Rather, for the time being it owes its existence to state patronage and protection, while remaining plagued by major disruptions in output caused by periodic rapid rises in electricity and raw material costs. Azerkimya's output has tended to be highly sensitive to changes in the non-oil economy with the rate of petrochemicals sales growth tending to be two or three times the rate of overall economic growth, amplifying the overall economic trends. 

While the strongly pro-cyclical nature of the industry is likely to result in high rates of growth with real GDP growth forecast at 11% in 2010, with low level of capacity it will not add much value and Azerbaijan will remain dependent on imports of chemical products. Moreover, with economic growth set to decline to 7.5% in 2011 and 5.0% by 2014, unless the industry is improved and restructured it will see yet further declines in the years ahead."

 
I've just interviewed Dmitry Konov, the young president of Russian petchem giant, Sibur. He celebrates his 40th birthday tomorrow (2 September) and has been in charge at Sibur since 2006. I also turned 40 this year but have not had quite so meteoric a career so far.
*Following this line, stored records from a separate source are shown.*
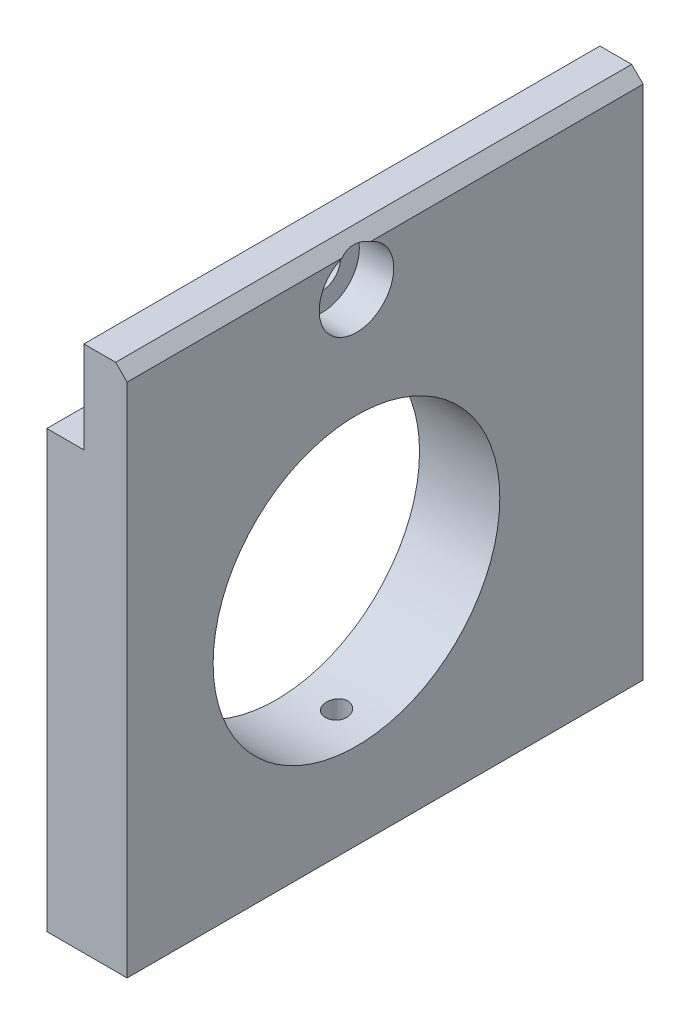
SolidWorks part; units mm, degrees
material "6061-T6 (SS)"
ref_plane "Front" through (0, 0, 0) normal (0, 0, 1) x (1, 0, 0)
ref_plane "Top" through (0, 0, 0) normal (0, 1, 0) x (1, 0, 0)
ref_plane "Right" through (0, 0, 0) normal (1, 0, 0) x (0, 0, -1)
sketch "Sketch1" plane through (0, 0, 0) normal (0, 0, 1) x (1, 0, 0)
  line L2 (3.23, 30.3627) -> (3.23, 22.3627)
  line L3 (3.23, 22.3627) -> (0, 22.3627)
  line L4 (0, 22.3627) -> (0, -15.6373)
  line L5 (0, -15.6373) -> (7, -15.6373)
  line L6 (7, -15.6373) -> (7, 30.3627)
  line L8 (3.23, 30.3627) -> (7, 30.3627)
  dimension "D1" = 8
  dimension "D2" = 7
  dimension "D3" = 38
  dimension "D4" = 3.77
extrude "Boss-Extrude1" add sketch "Sketch1" along normal blind 45
hole_wizard "CBORE for M3 SHCS1" positions "Sketch2" profile "Sketch3" counterbore size "M3" standard "ANSI Metric" end condition through all
sketch "Sketch2" plane through (7, 0, 0) normal (1, 0, 0) x (0, 0, -1)
  line L1 (0, -15.6373) -> (0, 30.3627) construction
  line L2 (-45, 22.3627) -> (0, 22.3627) construction
  point P0 (-25, 26.3627)
  dimension "D1" = 4
  dimension "D2" = 25
sketch "Sketch3" plane through (7, 26.3627, 25) normal (0, 1, 0) x (0, 0, -1)
  line L0 (0, 0) -> (0, 7)
  line L1 (0, 7) -> (1.6, 7)
  line L3 (1.6, 7) -> (1.6, 3)
  line L4 (1.6, 3) -> (3.25, 3)
  line L5 (3.25, 3) -> (3.25, 0)
  line L7 (3.25, 0) -> (0, 0)
  line L11 (0, -6.35) -> (0, 107.95) construction
  dimension "Thru Hole Dia." = 3.2
  dimension "Thru Hole Depth" = 7
  dimension "C'Bore Dia." = 6.5
  dimension "C'Bore Depth" = 3
hole_wizard "Ø25.0 (25) Diameter Hole1" positions "Sketch4" profile "Sketch5" hole size "Ø25.0" standard "ANSI Metric" end condition up to next
sketch "Sketch4" plane through (7, 0, 0) normal (1, 0, 0) x (0, 0, -1)
  line L1 (-45, -15.6373) -> (0, -15.6373) construction
  line L2 (-45, -15.6373) -> (-45, 30.3627) construction
  point P0 (-25, 4.3627)
  dimension "D1" = 20
  dimension "D2" = 20
sketch "Sketch5" plane through (7, 4.3627, 25) normal (0, 1, 0) x (0, 0, -1)
  line L0 (0, 0) -> (0, 7)
  line L1 (0, 7) -> (12.5, 7)
  line L2 (12.5, 7) -> (12.5, 0)
  line L5 (12.5, 0) -> (0, 0)
  line L11 (0, -6.35) -> (0, 107.95) construction
  dimension "Thru Hole Dia." = 25
  dimension "Thru Hole Depth" = 7
chamfer "Chamfer1" distance 1 angle 45 1 edges at (7, 30.3627, 22.5)
hole_wizard "Ø3.0mm Dowel Hole1" positions "Sketch6" profile "Sketch7" hole size "Ø3.0" standard "ANSI Metric"
sketch "Sketch6" plane through (0, -15.6373, 0) normal (0, -1, 0) x (-1, 0, 0)
  line L0 (0, -45) -> (-7, -45) construction
  line L1 (0, 0) -> (-7, 0) construction
  line L2 (0, -45) -> (0, 0) construction
  point P0 (-3.5, -38)
  point P2 (-3.5, -7)
  dimension "D1" = 7
  dimension "D2" = 7
  dimension "D3" = 3.5
sketch "Sketch7" plane through (3.5, -15.6373, 38) normal (1, 0, 0) x (0, 0, -1)
  line L0 (0, 0) -> (0, 5.4013)
  line L1 (0, 5.4013) -> (1.5, 4.5)
  line L2 (1.5, 4.5) -> (1.5, 0)
  line L5 (1.5, 0) -> (0, 0)
  line L10 (0, 5.4013) -> (-1.5, 4.5) construction
  line L11 (0, -6.35) -> (0, 107.95) construction
  dimension "Hole Dia." = 3
  dimension "Hole Depth" = 4.5
  dimension "Drill Angle" = 118
hole_wizard "M3x0.5 Tapped Hole1" positions "Sketch8" profile "Sketch9" tap size "M3x0.5" standard "ANSI Metric"
sketch "Sketch8" plane through (0, -15.6373, 0) normal (0, -1, 0) x (-1, 0, 0)
  line L0 (0, -45) -> (0, 0) construction
  line L1 (0, -45) -> (-7, -45) construction
  point P0 (-3.5, -23)
  dimension "D1" = 3.5
  dimension "D2" = 22
sketch "Sketch9" plane through (3.5, -15.6373, 23) normal (1, 0, 0) x (0, 0, -1)
  line L0 (0, 0) -> (0, 8.2511)
  line L1 (0, 8.2511) -> (1.25, 7.5)
  line L2 (1.25, 7.5) -> (1.25, 0)
  line L5 (1.25, 0) -> (0, 0)
  line L10 (0, 8.2511) -> (-1.25, 7.5) construction
  line L11 (0, -6.35) -> (0, 107.95) construction
  dimension "Tap Drill Dia." = 2.5
  dimension "Tap Drill Depth" = 7.5
  dimension "Drill Angle" = 118
cosmetic thread "Hole Thread1" parameters "D1"=6, "D2"=3

Konov has really put Sibur into a period of major expansion. He revealed plans to build a pyrolysis gas processing cracker that will produce over 1m tonnes/year of ethylene at the existing Tobolsk-Neftekhim site at Tobolsk, in western Siberia (see map for location of Tobolsk).
A decision about the project will be made late in 2011. If approved, Konov said the project would become operational by 2015-2016.
After Sibur's current group of projects is completed, from 2013 the company will show "healthy, positive cash flow", which will help fund the project, according to Konov.
The plant will process natural gas liquids (NGLs) containing ethane, propane and butane into ethylene.
Russia's feedstock supplies tend to be located far from domestic or export markets, leaving chemical producers there with the dilemma of locating either near to markets or feedstocks, but not both.
"The project site is located in western Siberia, where the climate is not overly severe. While it's not ideally situated in terms of either domestic or export markets, this is a very good position in terms of obtaining its feedstocks," said Konov.
"We would transport the production by either train or truck. Our existing NGL processing plant is located at this same site," he said.